Uncertainty and Overgeneralization: Statistical models often rely on assumptions that may not hold true across different contexts, leading to overgeneralizations.
Example: The Institute for Health Metrics and Evaluation (IHME) released COVID-19 mortality projections that significantly influenced U.S. policy decisions. However, these models faced criticism for being overly optimistic and not accounting for various uncertainties, leading to potential underestimation of the pandemic’s impact. Over reliance on models without considering their limitations can result in policies that are ill-prepared for worst-case scenarios, emphasizing the need for cautious interpretation of model predictions.

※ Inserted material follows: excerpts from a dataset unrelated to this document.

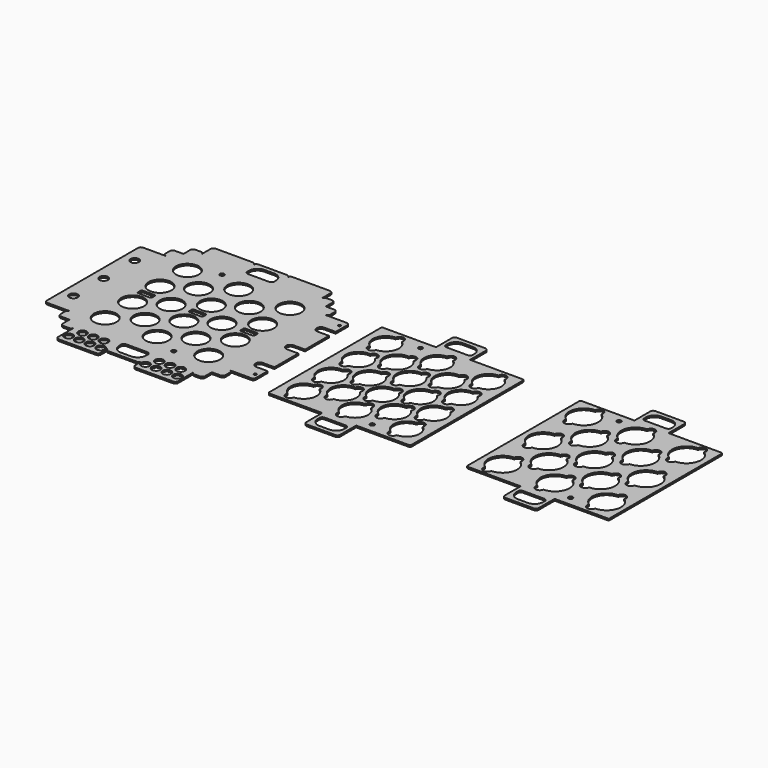
from build123d import *

# Parameters (mm, degrees)
F0_R     = 15
F0_R_2   = 40
F0_R_3   = 7.5
F0_R_4   = 4.25
F1_DEPTH = 6
F2_R     = 7.5
F3_DEPTH = 6
F4_DEPTH = 6


# Not quite as in the source:
# - ends of sketch curves that miss each other by under 0.0002 mm in the source are joined
# - a feature names something its author has since deleted; it is built from what else it names


with BuildPart() as f1:
    # F0 (on Top) → F1 (new body)
    with BuildSketch(Plane.XY):
        with BuildLine():
            Line((-30, 0), (0, 0))
            Line((0, 0), (0, -30))
            ThreePointArc((0, -30), (2.9289321881, -37.0710678119), (10, -40))
            Line((10, -40), (30, -40))
            ThreePointArc((30, -40), (37.0710678119, -37.0710678119), (40, -30))
            Line((40, -30), (40, -70))
            Line((40, -70), (40, -100))
            ThreePointArc((40, -100), (42.9289321881, -107.0710678119), (50, -110))
            Line((50, -110), (181, -110))
            ThreePointArc((181, -110), (188.0710678119, -107.0710678119), (191, -100))
            Line((191, -100), (191, -70))
            ThreePointArc((191, -70), (193.9289321881, -77.0710678119), (201, -80))
            Line((201, -80), (251, -80))
            Line((251, -80), (301, -80))
            ThreePointArc((301, -80), (308.0710678119, -77.0710678119), (311, -70))
            Line((311, -70), (311, -99.9810798484))
            ThreePointArc((311, -99.9810798484), (313.9356373432, -107.0588464633), (321.0189560508, -109.9810618818))
            Line((321.0189560508, -109.9810618818), (452.8887964343, -109.7310882936))
            ThreePointArc((452.8887964343, -109.7310882936), (459.9476069984, -106.795468917), (462.8698403835, -99.7311062602))
            Line((462.8698403835, -99.7311062602), (462.8698403835, -30))
            ThreePointArc((462.8698403835, -30), (465.7987725717, -37.0710678119), (472.8698403835, -40))
            Line((472.8698403835, -40), (492, -40))
            ThreePointArc((492, -40), (499.0710678119, -37.0710678119), (502, -30))
            Line((502, -30), (502, 0))
            Line((502, 0), (532, 0))
            ThreePointArc((532, 0), (539.0710678119, 2.9289321881), (542, 10))
            Line((542, 10), (542, 30))
            ThreePointArc((542, 30), (539.0710678119, 37.0710678119), (532, 40))
            Line((532, 40), (608, 40))
            ThreePointArc((608, 40), (615.0710678119, 42.9289321881), (618, 50))
            Line((618, 50), (618, 101))
            Line((618, 101), (578, 101))
            ThreePointArc((578, 101), (563, 116), (578, 131))
            Line((578, 131), (618, 131))
            Line((618, 131), (618, 236))
            Line((618, 236), (578, 236))
            ThreePointArc((578, 236), (563, 251), (578, 266))
            Line((578, 266), (618, 266))
            Line((618, 266), (618, 371))
            Line((618, 371), (578, 371))
            ThreePointArc((578, 371), (563, 386), (578, 401))
            Line((578, 401), (618, 401))
            Line((618, 401), (618, 452))
            ThreePointArc((618, 452), (615.0710678119, 459.0710678119), (608, 462))
            Line((608, 462), (532, 462))
            ThreePointArc((532, 462), (539.0710678119, 464.9289321881), (542, 472))
            Line((542, 472), (542, 492))
            ThreePointArc((542, 492), (539.0710678119, 499.0710678119), (532, 502))
            Line((532, 502), (502, 502))
            Line((502, 502), (502, 532))
            ThreePointArc((502, 532), (499.0710678119, 539.0710678119), (492, 542))
            Line((492, 542), (472.8698403835, 542))
            ThreePointArc((472.8698403835, 542), (465.7987725717, 539.0710678119), (462.8698403835, 532))
            Line((462.8698403835, 532), (462.8698403835, 572))
            ThreePointArc((462.8698403835, 572), (459.9409081954, 579.0710678119), (452.8698403835, 582))
            Line((452.8698403835, 582), (321, 582))
            ThreePointArc((321, 582), (313.9289321881, 579.0710678119), (311, 572))
            ThreePointArc((311, 572), (308.0710678119, 579.0710678119), (301, 582))
            Line((301, 582), (251, 582))
            Line((251, 582), (201, 582))
            ThreePointArc((201, 582), (193.9289321881, 579.0710678119), (191, 572))
            ThreePointArc((191, 572), (188.0710678119, 579.0710678119), (181, 582))
            Line((181, 582), (50, 582))
            ThreePointArc((50, 582), (42.9289321881, 579.0710678119), (40, 572))
            Line((40, 572), (40, 532))
            ThreePointArc((40, 532), (37.0710678119, 539.0710678119), (30, 542))
            Line((30, 542), (10, 542))
            ThreePointArc((10, 542), (2.9289321881, 539.0710678119), (0, 532))
            Line((0, 532), (0, 502))
            Line((0, 502), (-30, 502))
            ThreePointArc((-30, 502), (-37.0710678119, 499.0710678119), (-40, 492))
            Line((-40, 492), (-40, 472))
            ThreePointArc((-40, 472), (-37.0710678119, 464.9289321881), (-30, 462))
            Line((-30, 462), (-110, 462))
            ThreePointArc((-110, 462), (-117.0710678119, 459.0710678119), (-120, 452))
            Line((-120, 452), (-120, 251))
            Line((-120, 251), (-120, 50))
            ThreePointArc((-120, 50), (-117.0710678119, 42.9289321881), (-110, 40))
            Line((-110, 40), (-30, 40))
            ThreePointArc((-30, 40), (-37.0710678119, 37.0710678119), (-40, 30))
            Line((-40, 30), (-40, 10))
            ThreePointArc((-40, 10), (-37.0710678119, 2.9289321881), (-30, 0))
        make_face()
        with Locations((58.8749991059, -77.75)):
            Circle(F0_R, mode=Mode.SUBTRACT)
        with Locations((96.6249991059, -77.75)):
            Circle(F0_R, mode=Mode.SUBTRACT)
        with Locations((134.3749991059, -77.75)):
            Circle(F0_R, mode=Mode.SUBTRACT)
        with Locations((77.7499991059, -40)):
            Circle(F0_R, mode=Mode.SUBTRACT)
        with Locations((115.4999991059, -40)):
            Circle(F0_R, mode=Mode.SUBTRACT)
        with Locations((153.2499991059, -40)):
            Circle(F0_R, mode=Mode.SUBTRACT)
        with Locations((172.1249991059, -77.75)):
            Circle(F0_R, mode=Mode.SUBTRACT)
        with Locations((-80, 117.4095802605)):
            Circle(F0_R, mode=Mode.SUBTRACT)
        with Locations((70.0655404942, 69.6284726141)):
            Circle(F0_R_2, mode=Mode.SUBTRACT)
        with Locations((162.0928294033, 130.3333938122)):
            Circle(F0_R_2, mode=Mode.SUBTRACT)
        with Locations((70, 190.6667947769)):
            Circle(F0_R_2, mode=Mode.SUBTRACT)
        with Locations((329.8749991059, -77.75)):
            Circle(F0_R, mode=Mode.SUBTRACT)
        with BuildLine():
            Line((298.4369397163, -27.4369397163), (298.4369397163, -35))
            ThreePointArc((298.4369397163, -35), (289.6501431519, -56.2132034356), (268.4369397163, -65))
            Line((268.4369397163, -65), (233.5630602837, -65))
            ThreePointArc((233.5630602837, -65), (212.3498568481, -56.2132034356), (203.5630602837, -35))
            Line((203.5630602837, -35), (203.5630602837, -27.4369397163))
            ThreePointArc((203.5630602837, -27.4369397163), (206.4919924718, -20.3658719045), (213.5630602837, -17.4369397163))
            Line((213.5630602837, -17.4369397163), (288.4369397163, -17.4369397163))
            ThreePointArc((288.4369397163, -17.4369397163), (295.5080075282, -20.3658719045), (298.4369397163, -27.4369397163))
        make_face(mode=Mode.SUBTRACT)
        with Locations((367.6249991059, -77.75)):
            Circle(F0_R, mode=Mode.SUBTRACT)
        with Locations((405.3749991059, -77.75)):
            Circle(F0_R, mode=Mode.SUBTRACT)
        with Locations((348.7499991059, -40)):
            Circle(F0_R, mode=Mode.SUBTRACT)
        with Locations((386.4999991059, -40)):
            Circle(F0_R, mode=Mode.SUBTRACT)
        with Locations((424.2499991059, -40)):
            Circle(F0_R, mode=Mode.SUBTRACT)
        with Locations((341.500023365, 32.5)):
            Circle(F0_R_3, mode=Mode.SUBTRACT)
        with Locations((443.1249991059, -77.75)):
            Circle(F0_R, mode=Mode.SUBTRACT)
        with Locations((250.9999752045, 72.1276074222)):
            Circle(F0_R_2, mode=Mode.SUBTRACT)
        with Locations((432.5207205657, 72.8690030603)):
            Circle(F0_R_2, mode=Mode.SUBTRACT)
        with Locations((341.4999717873, 130.3333938122)):
            Circle(F0_R_2, mode=Mode.SUBTRACT)
        with Locations((250.999969244, 190.6667947769)):
            Circle(F0_R_2, mode=Mode.SUBTRACT)
        with BuildLine():
            ThreePointArc((431.9999940395, 230.6666), (432.2603582464, 230.665752622), (432.520711422, 230.663210524))
            ThreePointArc((432.520711422, 230.663210524), (460.4677713966, 218.7661667645), (471.9999940395, 190.6666))
            ThreePointArc((471.9999940395, 190.6666), (403.7157227921, 162.3823287525), (431.9999940395, 230.6666))
        make_face(mode=Mode.SUBTRACT)
        with Locations((603, 65)):
            Circle(F0_R_4, mode=Mode.SUBTRACT)
        with Locations((-80, 251)):
            Circle(F0_R, mode=Mode.SUBTRACT)
        with Locations((-80, 387.4095802605)):
            Circle(F0_R, mode=Mode.SUBTRACT)
        with BuildLine():
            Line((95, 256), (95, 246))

Stakeholder Impact: Data-driven decisions can have profound effects on populations, especially when data is misrepresented or misinterpreted.
Example: In 2013, the World Health Organization erroneously reported that half of new HIV cases in Greece were self-inflicted to obtain financial benefits. This claim was later retracted, but not before causing significant stigma and misinformation. People living with HIV were stigmatized further. Public health efforts were undermined by shiftingattention from structural issues to individualblame. Such instances highlight the ethical responsibility of organizations to ensure data accuracy and the potential harm caused by misinformation.